### Required action:
Could you retype, exactly and with no pictures, only the lines from the first line of the records below through the line that contains "Line((27.5, -10.5), (27.5, 10.5))"?

### Dataset records:

_ _ _ _ _ _ _

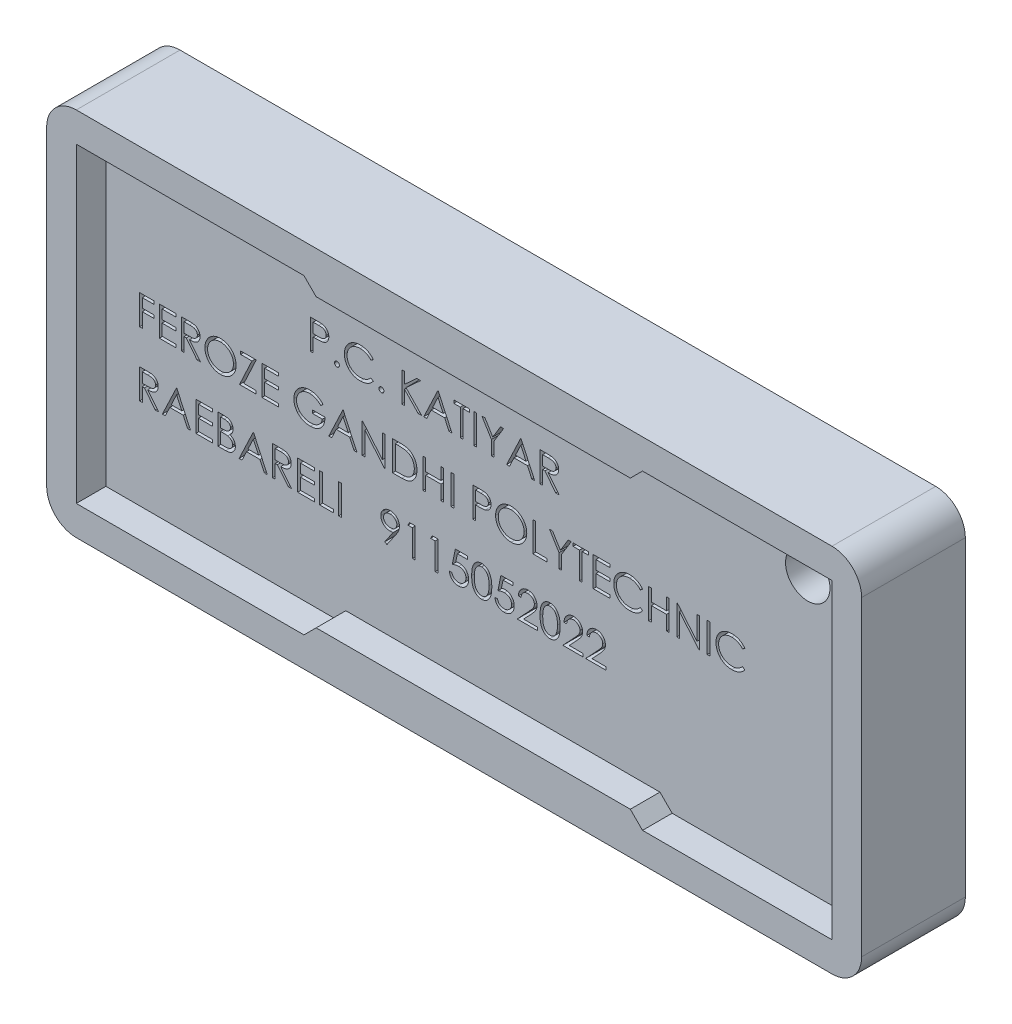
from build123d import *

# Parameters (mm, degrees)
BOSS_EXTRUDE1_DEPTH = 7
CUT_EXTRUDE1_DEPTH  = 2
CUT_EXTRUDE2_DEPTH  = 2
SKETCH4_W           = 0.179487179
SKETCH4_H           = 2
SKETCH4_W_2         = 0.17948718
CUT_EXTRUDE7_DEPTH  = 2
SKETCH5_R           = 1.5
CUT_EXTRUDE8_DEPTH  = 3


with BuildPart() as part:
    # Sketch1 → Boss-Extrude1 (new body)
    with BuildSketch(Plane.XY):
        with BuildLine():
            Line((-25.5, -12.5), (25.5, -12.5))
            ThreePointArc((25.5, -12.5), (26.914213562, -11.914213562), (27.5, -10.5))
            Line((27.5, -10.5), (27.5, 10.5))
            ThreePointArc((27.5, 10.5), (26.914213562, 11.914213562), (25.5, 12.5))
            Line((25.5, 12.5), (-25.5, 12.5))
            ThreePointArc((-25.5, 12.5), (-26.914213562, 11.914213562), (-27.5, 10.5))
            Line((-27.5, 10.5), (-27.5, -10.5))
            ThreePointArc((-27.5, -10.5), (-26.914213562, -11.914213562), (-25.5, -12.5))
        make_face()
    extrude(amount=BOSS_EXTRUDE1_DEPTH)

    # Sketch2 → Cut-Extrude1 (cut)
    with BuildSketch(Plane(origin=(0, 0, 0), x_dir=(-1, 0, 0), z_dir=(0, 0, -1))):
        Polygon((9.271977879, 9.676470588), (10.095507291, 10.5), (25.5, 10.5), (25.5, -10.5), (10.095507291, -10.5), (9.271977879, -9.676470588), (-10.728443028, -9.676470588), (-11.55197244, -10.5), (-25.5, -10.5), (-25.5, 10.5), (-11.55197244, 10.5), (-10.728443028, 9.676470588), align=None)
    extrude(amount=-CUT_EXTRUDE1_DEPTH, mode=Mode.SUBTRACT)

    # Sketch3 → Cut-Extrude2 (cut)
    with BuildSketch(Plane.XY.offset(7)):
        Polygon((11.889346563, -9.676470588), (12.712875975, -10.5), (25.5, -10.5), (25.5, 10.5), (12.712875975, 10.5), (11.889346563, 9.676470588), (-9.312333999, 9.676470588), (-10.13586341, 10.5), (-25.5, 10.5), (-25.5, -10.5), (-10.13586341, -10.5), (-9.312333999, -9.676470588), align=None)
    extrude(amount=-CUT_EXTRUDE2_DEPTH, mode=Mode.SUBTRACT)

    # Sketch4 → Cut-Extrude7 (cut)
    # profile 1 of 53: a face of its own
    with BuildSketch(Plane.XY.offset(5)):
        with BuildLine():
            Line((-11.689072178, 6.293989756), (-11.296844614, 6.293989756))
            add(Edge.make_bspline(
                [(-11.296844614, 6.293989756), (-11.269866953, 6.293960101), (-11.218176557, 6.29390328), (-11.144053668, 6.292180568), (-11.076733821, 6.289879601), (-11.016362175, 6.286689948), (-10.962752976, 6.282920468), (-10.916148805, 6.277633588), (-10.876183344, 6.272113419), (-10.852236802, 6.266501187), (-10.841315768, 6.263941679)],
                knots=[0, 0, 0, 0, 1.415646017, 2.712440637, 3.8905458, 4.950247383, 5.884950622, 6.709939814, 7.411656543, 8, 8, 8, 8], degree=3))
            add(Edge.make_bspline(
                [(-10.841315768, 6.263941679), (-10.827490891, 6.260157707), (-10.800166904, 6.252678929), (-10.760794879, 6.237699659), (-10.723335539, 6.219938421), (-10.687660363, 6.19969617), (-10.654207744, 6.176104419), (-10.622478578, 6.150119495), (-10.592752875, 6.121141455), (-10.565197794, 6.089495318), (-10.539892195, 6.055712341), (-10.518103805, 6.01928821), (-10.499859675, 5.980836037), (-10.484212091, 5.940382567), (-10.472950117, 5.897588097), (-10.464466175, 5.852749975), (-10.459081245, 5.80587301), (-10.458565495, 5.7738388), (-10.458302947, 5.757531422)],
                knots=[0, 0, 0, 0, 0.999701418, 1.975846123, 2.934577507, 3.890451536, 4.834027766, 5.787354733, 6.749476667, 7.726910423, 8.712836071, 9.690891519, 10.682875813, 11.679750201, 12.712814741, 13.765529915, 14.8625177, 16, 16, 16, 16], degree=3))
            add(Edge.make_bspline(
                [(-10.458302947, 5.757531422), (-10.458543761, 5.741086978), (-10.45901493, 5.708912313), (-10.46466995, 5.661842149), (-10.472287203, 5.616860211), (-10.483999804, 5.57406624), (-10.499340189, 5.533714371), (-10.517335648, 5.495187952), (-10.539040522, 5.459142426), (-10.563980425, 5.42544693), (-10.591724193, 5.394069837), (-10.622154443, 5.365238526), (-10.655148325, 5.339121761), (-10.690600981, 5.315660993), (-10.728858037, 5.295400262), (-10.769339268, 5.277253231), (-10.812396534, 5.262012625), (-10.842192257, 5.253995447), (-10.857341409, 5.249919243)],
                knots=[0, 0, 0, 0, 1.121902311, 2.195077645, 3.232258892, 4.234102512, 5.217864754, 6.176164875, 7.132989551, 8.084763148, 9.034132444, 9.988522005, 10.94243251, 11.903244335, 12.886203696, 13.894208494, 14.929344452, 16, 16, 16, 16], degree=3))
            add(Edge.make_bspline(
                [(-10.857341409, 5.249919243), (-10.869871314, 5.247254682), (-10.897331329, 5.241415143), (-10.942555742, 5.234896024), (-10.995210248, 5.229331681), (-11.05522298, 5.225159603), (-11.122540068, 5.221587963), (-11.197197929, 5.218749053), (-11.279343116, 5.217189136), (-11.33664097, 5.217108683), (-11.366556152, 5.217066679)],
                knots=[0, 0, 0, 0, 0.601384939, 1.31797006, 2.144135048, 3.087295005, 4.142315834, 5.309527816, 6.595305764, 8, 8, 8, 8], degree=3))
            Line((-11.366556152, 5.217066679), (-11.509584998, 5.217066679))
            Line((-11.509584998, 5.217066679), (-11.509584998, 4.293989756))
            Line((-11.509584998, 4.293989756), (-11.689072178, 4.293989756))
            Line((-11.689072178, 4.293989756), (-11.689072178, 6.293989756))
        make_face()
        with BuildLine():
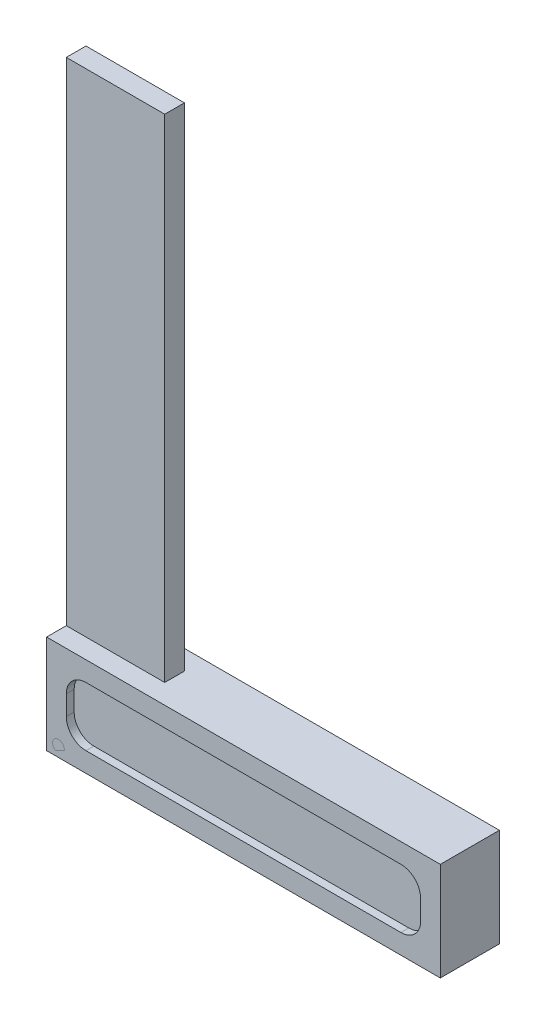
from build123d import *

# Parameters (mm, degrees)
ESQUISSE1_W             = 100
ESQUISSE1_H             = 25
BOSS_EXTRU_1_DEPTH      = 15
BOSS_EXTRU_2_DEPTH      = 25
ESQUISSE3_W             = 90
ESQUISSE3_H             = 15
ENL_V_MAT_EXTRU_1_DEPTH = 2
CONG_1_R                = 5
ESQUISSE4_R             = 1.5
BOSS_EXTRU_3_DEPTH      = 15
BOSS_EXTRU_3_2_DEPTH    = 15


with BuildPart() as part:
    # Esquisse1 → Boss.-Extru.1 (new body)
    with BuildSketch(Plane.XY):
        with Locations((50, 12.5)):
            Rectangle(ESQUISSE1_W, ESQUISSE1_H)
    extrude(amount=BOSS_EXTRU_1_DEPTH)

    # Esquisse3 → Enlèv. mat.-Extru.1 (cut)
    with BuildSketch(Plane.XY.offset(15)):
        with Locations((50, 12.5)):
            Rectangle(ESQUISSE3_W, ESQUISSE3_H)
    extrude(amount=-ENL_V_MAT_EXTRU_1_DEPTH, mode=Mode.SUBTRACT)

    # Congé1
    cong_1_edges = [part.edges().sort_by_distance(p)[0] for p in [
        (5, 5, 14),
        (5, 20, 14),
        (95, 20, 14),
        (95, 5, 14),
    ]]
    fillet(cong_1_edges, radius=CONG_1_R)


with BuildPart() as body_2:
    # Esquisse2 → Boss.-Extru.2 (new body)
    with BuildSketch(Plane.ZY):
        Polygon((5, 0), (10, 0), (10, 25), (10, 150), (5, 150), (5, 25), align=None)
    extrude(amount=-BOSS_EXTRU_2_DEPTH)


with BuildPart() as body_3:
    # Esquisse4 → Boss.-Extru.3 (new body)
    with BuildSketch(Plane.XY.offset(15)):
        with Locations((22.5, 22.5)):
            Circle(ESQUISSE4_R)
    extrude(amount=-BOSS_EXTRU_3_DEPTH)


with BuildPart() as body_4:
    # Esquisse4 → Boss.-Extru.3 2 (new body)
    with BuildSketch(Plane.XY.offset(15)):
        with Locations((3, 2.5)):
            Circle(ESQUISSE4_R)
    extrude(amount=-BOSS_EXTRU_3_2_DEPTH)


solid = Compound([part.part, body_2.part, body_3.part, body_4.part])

_ _ _ _ _ _ _

### Result:
from build123d import *

# Parameters (mm, degrees)
BOSS_EXTRUDE1_DEPTH = 7
CUT_EXTRUDE1_DEPTH  = 2
CUT_EXTRUDE2_DEPTH  = 2
SKETCH4_W           = 0.179487179
SKETCH4_H           = 2
SKETCH4_W_2         = 0.17948718
CUT_EXTRUDE7_DEPTH  = 2
SKETCH5_R           = 1.5
CUT_EXTRUDE8_DEPTH  = 3


with BuildPart() as part:
    # Sketch1 → Boss-Extrude1 (new body)
    with BuildSketch(Plane.XY):
        with BuildLine():
            Line((-25.5, -12.5), (25.5, -12.5))
            ThreePointArc((25.5, -12.5), (26.914213562, -11.914213562), (27.5, -10.5))
            Line((27.5, -10.5), (27.5, 10.5))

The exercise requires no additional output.